#### YOUR INSTRUCTIONS:
I need only the number of lines in this data that contain the string "Earth".

#### INFORMATION SHOWN:
=======
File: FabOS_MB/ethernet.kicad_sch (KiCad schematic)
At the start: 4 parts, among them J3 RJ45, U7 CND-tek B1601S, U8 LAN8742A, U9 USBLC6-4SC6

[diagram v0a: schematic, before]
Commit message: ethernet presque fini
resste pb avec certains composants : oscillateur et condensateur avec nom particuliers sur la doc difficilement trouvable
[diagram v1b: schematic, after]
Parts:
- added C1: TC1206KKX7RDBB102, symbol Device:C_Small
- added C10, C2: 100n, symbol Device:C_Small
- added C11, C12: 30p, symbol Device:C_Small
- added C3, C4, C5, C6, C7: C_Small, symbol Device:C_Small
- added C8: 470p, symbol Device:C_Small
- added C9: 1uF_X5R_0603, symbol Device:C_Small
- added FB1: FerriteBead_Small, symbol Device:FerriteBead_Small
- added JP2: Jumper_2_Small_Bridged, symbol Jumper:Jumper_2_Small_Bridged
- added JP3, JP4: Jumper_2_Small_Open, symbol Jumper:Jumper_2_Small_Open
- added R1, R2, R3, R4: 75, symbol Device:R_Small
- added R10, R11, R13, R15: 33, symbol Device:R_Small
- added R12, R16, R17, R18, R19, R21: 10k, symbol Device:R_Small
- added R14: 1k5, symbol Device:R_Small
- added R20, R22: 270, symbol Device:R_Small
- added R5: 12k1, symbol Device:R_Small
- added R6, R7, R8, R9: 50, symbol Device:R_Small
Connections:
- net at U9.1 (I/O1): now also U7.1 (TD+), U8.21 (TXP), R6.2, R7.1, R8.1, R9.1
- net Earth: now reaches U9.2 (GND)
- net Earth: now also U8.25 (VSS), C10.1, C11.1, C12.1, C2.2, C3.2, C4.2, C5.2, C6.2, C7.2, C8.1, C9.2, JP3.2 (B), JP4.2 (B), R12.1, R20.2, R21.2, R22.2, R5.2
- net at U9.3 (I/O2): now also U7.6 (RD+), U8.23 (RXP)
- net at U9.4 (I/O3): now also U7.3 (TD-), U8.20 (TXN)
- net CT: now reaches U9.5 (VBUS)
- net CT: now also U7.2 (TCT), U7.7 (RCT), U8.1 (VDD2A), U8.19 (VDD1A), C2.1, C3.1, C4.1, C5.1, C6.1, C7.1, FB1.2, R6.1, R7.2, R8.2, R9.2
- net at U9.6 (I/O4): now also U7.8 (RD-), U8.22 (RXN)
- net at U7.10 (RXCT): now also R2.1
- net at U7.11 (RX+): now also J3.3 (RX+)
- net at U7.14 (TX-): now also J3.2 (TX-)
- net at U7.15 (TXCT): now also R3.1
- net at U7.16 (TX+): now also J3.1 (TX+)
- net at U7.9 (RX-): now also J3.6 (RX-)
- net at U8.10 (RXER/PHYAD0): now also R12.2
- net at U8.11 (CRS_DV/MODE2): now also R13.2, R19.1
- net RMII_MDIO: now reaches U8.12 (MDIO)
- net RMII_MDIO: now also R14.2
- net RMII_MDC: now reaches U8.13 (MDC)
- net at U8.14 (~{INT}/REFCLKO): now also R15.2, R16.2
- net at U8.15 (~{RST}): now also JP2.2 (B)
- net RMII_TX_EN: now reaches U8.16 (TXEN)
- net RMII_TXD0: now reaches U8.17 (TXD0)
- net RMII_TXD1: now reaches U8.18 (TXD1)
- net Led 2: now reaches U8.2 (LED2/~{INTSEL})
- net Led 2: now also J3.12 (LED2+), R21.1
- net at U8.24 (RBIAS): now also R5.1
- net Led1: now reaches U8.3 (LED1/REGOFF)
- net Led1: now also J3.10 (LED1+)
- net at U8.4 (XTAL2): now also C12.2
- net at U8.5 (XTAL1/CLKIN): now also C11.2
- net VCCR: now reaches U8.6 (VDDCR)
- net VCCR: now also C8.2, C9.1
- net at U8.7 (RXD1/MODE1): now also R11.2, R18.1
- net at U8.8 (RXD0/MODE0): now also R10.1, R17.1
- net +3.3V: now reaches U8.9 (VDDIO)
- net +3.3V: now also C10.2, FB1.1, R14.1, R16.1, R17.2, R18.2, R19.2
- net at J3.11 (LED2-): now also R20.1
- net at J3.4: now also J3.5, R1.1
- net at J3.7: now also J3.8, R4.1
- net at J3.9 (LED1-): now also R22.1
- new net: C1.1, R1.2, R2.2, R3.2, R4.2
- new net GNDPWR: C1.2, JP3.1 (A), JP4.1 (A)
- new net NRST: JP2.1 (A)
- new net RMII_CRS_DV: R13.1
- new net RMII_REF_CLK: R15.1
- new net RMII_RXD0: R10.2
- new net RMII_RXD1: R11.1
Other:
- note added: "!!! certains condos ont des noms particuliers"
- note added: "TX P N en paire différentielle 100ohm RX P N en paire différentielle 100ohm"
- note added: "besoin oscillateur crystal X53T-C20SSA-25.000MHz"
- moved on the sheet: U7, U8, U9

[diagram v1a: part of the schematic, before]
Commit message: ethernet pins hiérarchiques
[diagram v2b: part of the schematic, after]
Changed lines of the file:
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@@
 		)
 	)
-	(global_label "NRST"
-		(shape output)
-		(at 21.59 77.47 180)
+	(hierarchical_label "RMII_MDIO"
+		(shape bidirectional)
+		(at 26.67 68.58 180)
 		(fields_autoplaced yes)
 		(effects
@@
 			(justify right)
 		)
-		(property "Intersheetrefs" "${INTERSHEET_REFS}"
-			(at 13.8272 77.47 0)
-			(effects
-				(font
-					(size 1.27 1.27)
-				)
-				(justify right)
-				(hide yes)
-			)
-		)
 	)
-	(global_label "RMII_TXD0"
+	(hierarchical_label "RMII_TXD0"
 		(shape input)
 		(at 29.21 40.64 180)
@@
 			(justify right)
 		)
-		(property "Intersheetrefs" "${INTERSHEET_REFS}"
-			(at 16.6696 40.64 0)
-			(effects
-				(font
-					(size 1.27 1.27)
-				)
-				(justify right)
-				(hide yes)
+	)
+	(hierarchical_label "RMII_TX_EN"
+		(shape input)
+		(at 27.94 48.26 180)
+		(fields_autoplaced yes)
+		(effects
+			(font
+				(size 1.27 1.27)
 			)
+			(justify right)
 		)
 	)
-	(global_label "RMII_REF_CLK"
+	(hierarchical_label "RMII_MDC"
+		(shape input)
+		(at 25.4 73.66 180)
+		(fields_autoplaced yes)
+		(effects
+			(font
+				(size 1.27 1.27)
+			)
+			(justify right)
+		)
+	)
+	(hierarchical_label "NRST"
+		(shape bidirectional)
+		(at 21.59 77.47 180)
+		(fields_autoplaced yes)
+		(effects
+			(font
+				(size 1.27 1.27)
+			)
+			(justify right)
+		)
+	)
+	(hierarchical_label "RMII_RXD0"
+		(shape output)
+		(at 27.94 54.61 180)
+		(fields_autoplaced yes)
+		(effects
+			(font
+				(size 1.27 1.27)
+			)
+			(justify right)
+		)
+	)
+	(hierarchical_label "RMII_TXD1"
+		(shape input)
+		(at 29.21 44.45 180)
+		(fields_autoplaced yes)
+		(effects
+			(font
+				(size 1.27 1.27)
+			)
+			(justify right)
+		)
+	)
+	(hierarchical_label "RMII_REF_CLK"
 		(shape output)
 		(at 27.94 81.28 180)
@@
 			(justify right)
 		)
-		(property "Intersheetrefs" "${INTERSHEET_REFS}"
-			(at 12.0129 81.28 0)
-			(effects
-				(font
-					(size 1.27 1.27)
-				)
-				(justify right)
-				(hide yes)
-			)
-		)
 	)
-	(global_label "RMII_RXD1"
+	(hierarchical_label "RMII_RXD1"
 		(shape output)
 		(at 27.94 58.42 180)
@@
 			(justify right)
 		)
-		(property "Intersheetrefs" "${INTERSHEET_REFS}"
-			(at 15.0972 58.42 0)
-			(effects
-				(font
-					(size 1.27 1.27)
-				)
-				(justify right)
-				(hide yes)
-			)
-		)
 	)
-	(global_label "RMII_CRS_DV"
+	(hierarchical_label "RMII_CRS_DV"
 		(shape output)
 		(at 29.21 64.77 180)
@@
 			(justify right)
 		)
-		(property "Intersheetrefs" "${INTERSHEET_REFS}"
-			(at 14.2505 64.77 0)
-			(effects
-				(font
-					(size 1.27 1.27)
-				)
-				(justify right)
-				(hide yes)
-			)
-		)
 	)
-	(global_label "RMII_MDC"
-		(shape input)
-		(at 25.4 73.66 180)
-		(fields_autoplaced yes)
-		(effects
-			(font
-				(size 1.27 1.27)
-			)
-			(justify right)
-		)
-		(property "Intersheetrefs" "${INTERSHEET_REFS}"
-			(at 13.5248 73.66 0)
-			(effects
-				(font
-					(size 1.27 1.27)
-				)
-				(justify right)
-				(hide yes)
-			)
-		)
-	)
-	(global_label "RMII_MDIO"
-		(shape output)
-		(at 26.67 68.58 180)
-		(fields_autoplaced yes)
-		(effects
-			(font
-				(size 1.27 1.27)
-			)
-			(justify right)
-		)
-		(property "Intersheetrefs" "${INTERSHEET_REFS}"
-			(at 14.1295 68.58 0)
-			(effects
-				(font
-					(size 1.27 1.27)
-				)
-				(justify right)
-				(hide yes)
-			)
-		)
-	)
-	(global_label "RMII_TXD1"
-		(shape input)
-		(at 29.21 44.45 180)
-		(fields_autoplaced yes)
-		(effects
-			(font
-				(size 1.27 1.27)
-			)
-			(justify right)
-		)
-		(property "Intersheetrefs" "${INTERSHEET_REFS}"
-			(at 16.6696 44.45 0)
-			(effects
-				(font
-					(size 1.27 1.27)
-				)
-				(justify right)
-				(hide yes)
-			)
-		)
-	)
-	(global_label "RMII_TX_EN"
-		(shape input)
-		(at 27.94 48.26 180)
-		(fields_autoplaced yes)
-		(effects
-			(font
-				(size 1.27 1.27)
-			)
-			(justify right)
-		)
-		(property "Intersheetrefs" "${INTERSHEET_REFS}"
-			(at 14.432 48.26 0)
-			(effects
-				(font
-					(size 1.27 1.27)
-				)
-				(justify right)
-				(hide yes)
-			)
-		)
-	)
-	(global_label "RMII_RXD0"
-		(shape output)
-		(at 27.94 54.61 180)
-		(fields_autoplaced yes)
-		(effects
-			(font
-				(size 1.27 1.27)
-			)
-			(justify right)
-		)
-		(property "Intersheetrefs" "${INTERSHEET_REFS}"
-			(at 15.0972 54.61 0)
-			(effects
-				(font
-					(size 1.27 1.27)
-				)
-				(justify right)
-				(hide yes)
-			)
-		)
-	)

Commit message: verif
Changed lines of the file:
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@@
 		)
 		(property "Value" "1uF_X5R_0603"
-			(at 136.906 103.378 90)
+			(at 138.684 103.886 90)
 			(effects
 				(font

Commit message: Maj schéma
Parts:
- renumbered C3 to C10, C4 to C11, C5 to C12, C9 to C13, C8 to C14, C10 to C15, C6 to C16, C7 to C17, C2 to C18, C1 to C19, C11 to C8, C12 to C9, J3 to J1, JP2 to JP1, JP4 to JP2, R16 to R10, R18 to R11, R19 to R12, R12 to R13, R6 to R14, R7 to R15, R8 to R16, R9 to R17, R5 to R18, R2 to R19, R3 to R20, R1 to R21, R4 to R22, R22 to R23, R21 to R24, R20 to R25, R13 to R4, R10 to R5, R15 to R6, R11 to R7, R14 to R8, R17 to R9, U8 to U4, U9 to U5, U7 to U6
=======
#### YOUR SOLUTION:
2